*** Opening Supplied entries ***
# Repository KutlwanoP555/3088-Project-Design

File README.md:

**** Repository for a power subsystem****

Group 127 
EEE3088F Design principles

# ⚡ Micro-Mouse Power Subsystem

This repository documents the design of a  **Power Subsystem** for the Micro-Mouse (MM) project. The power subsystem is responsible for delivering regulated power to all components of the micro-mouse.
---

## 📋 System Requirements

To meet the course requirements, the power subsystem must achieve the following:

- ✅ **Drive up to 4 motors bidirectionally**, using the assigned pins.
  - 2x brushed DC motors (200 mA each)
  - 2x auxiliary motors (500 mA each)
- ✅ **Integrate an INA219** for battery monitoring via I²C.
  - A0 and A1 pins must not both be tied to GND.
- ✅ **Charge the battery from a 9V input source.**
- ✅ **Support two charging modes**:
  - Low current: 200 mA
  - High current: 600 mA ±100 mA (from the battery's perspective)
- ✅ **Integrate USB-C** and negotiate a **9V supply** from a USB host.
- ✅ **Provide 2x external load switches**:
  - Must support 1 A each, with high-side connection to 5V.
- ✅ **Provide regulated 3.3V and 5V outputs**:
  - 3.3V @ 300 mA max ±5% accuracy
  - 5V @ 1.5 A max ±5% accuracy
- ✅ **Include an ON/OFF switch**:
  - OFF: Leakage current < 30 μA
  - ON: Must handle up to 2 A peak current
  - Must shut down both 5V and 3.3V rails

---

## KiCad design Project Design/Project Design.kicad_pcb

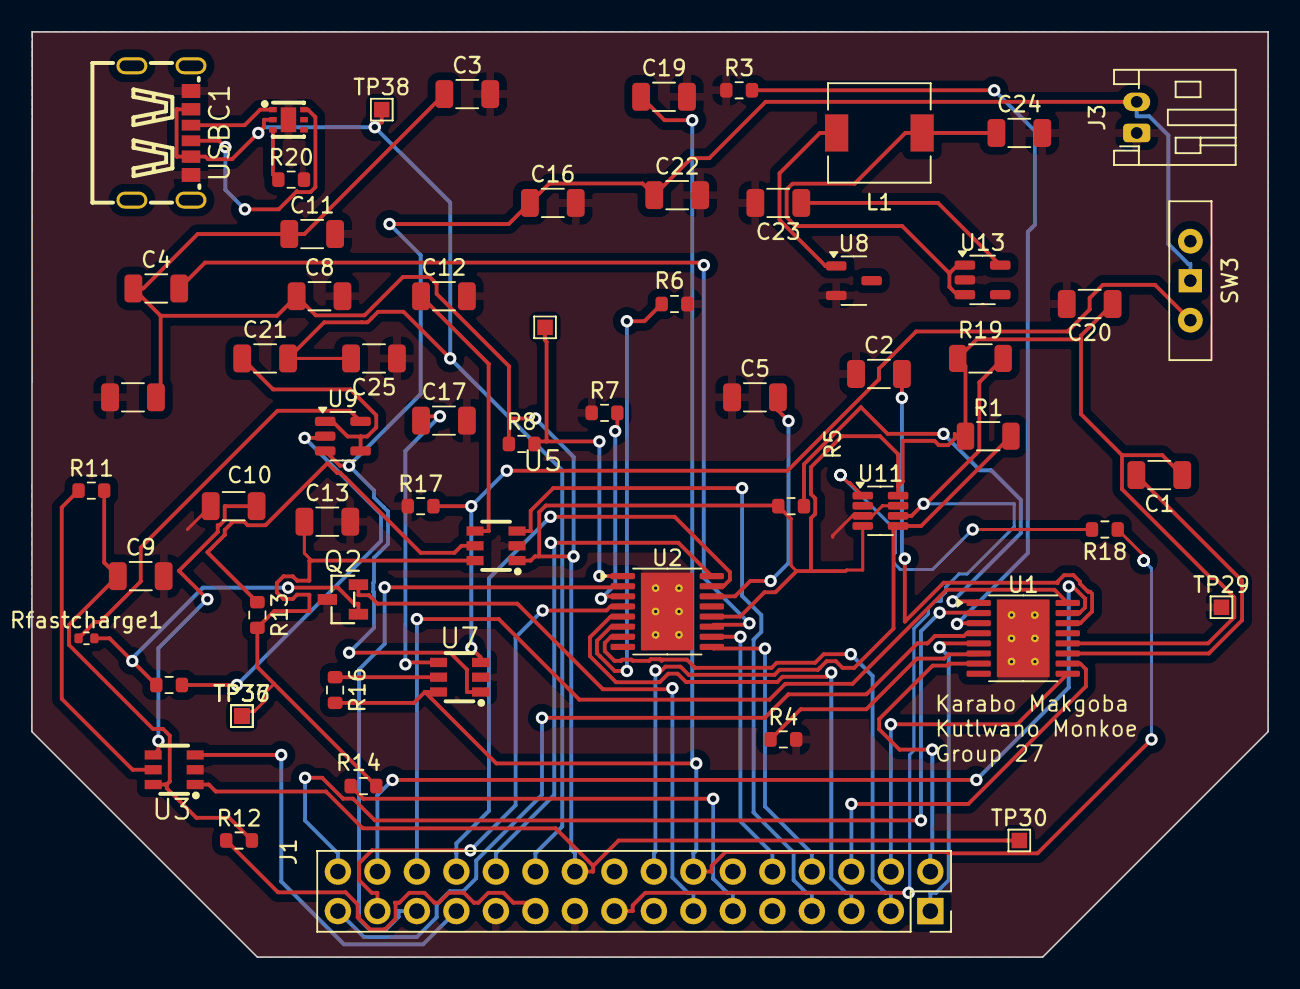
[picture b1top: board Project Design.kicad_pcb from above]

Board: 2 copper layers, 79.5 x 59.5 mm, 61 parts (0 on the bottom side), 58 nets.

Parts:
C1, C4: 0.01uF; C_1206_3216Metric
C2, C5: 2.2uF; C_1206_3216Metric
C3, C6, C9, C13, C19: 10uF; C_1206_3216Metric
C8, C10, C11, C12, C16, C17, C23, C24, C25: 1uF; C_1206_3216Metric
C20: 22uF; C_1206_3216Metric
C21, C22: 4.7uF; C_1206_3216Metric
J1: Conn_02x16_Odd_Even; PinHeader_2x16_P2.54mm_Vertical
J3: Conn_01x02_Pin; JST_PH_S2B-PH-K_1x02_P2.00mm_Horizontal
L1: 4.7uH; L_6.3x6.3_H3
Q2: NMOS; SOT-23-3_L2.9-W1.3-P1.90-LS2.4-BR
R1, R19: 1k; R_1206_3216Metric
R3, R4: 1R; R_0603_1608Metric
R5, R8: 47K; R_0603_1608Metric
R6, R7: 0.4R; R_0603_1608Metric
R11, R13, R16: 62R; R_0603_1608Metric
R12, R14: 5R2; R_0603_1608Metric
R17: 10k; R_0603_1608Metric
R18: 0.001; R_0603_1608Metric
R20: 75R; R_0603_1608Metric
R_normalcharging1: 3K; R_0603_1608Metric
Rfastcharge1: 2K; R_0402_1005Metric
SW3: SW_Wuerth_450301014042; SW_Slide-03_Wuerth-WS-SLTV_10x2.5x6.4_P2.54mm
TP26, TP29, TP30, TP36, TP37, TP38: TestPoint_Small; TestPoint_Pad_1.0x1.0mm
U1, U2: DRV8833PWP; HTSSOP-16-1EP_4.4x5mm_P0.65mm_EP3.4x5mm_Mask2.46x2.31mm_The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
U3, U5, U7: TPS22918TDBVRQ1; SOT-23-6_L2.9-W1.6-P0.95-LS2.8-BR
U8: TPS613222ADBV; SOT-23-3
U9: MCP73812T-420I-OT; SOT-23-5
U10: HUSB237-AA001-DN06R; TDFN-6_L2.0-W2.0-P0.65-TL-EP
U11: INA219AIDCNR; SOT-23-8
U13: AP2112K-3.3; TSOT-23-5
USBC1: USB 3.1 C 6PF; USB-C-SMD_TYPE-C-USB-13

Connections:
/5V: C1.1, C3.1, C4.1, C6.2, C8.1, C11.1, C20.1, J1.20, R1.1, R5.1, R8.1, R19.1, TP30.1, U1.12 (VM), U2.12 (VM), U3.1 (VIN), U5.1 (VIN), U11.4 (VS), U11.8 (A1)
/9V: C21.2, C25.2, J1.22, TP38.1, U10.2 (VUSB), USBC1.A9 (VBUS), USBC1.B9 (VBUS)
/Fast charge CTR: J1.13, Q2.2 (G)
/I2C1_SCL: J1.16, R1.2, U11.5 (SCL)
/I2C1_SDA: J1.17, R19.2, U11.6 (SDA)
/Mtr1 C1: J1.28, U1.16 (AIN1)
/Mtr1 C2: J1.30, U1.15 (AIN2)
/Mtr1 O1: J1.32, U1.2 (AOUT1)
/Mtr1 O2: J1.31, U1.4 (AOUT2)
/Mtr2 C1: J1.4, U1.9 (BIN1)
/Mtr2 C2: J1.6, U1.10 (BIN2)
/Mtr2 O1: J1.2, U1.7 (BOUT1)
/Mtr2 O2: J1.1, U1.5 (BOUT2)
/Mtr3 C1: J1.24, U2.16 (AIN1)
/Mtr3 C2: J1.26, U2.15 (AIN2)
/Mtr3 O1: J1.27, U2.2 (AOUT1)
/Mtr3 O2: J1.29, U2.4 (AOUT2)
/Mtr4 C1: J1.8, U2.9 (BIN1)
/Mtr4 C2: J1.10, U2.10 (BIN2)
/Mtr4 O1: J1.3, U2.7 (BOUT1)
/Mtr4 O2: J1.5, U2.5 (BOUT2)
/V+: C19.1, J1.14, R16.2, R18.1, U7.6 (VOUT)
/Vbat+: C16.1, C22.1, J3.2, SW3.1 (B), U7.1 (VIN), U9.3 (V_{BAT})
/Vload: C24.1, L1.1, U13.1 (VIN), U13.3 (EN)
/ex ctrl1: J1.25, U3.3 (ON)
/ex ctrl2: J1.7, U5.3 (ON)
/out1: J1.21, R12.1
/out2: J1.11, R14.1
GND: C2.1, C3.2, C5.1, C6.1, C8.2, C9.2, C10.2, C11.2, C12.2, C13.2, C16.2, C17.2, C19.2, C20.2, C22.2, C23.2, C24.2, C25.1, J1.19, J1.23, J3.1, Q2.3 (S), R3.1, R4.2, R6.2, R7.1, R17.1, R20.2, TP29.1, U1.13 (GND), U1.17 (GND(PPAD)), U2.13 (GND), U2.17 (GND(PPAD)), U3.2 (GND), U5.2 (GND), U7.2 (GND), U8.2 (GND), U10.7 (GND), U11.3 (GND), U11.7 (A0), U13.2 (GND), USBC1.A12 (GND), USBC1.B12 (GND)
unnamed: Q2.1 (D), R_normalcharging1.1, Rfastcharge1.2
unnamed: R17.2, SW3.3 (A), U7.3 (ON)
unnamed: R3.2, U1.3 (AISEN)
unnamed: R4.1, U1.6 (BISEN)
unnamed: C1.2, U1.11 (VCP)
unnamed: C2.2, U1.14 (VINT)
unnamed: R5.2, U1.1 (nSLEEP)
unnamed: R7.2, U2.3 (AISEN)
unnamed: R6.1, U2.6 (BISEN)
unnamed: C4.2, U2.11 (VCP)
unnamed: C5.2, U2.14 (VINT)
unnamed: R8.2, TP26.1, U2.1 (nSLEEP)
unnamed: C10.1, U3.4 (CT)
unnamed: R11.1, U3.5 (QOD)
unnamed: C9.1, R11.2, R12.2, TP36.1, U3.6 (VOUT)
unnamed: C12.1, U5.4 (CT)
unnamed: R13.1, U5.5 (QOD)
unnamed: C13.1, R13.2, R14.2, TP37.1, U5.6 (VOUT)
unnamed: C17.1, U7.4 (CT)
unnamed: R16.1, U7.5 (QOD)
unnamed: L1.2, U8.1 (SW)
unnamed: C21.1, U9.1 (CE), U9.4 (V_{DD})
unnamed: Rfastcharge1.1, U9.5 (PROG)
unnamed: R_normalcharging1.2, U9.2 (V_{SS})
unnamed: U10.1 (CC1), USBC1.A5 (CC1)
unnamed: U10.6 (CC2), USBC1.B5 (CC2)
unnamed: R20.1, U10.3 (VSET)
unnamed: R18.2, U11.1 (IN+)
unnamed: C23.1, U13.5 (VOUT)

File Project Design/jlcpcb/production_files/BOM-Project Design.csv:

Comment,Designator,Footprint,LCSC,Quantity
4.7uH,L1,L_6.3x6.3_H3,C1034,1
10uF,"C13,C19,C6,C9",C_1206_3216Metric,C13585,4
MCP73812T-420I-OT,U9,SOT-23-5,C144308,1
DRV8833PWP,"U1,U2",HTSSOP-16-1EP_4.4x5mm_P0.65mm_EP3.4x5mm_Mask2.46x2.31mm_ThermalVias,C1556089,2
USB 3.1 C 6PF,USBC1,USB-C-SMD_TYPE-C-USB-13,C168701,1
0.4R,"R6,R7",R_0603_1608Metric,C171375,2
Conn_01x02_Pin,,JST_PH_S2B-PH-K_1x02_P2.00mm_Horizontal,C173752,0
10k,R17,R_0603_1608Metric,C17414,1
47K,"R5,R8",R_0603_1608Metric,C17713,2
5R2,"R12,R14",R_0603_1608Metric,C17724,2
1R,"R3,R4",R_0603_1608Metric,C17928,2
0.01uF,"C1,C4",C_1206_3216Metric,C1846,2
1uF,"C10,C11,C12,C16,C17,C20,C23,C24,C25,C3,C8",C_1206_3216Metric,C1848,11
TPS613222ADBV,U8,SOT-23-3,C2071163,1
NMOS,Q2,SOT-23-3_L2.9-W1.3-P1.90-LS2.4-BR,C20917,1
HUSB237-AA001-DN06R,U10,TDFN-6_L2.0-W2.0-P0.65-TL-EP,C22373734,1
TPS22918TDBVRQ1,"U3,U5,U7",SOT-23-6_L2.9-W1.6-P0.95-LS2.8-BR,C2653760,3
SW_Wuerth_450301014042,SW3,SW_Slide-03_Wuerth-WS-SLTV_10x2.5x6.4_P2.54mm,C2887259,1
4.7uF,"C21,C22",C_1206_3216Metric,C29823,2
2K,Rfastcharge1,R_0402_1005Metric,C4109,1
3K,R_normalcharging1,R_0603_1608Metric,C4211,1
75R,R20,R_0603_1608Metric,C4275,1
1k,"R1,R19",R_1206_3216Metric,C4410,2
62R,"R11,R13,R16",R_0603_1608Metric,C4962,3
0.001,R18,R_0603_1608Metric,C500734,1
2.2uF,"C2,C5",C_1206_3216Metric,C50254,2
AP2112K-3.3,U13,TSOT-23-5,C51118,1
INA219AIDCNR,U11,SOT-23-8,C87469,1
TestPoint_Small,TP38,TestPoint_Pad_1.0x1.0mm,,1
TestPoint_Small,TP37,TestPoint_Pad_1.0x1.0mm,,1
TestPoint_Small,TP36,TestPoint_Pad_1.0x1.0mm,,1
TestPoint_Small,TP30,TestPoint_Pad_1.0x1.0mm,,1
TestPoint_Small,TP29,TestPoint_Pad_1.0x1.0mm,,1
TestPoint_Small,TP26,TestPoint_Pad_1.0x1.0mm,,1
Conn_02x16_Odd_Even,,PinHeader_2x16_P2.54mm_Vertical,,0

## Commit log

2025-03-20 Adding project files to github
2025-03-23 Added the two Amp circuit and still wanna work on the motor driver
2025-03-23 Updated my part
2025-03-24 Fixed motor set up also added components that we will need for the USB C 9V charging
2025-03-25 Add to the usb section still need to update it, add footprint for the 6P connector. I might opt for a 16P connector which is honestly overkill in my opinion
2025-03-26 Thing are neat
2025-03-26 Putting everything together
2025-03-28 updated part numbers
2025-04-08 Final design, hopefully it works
*** Closing Supplied entries ***
Nothing beyond the line that contains "To meet the" belongs in the answer; reproduce the entries exactly from their first line through it.

# Repository KutlwanoP555/3088-Project-Design

File README.md:

**** Repository for a power subsystem****

Group 127 
EEE3088F Design principles

# ⚡ Micro-Mouse Power Subsystem

This repository documents the design of a  **Power Subsystem** for the Micro-Mouse (MM) project. The power subsystem is responsible for delivering regulated power to all components of the micro-mouse.
---

## 📋 System Requirements

To meet the course requirements, the power subsystem must achieve the following:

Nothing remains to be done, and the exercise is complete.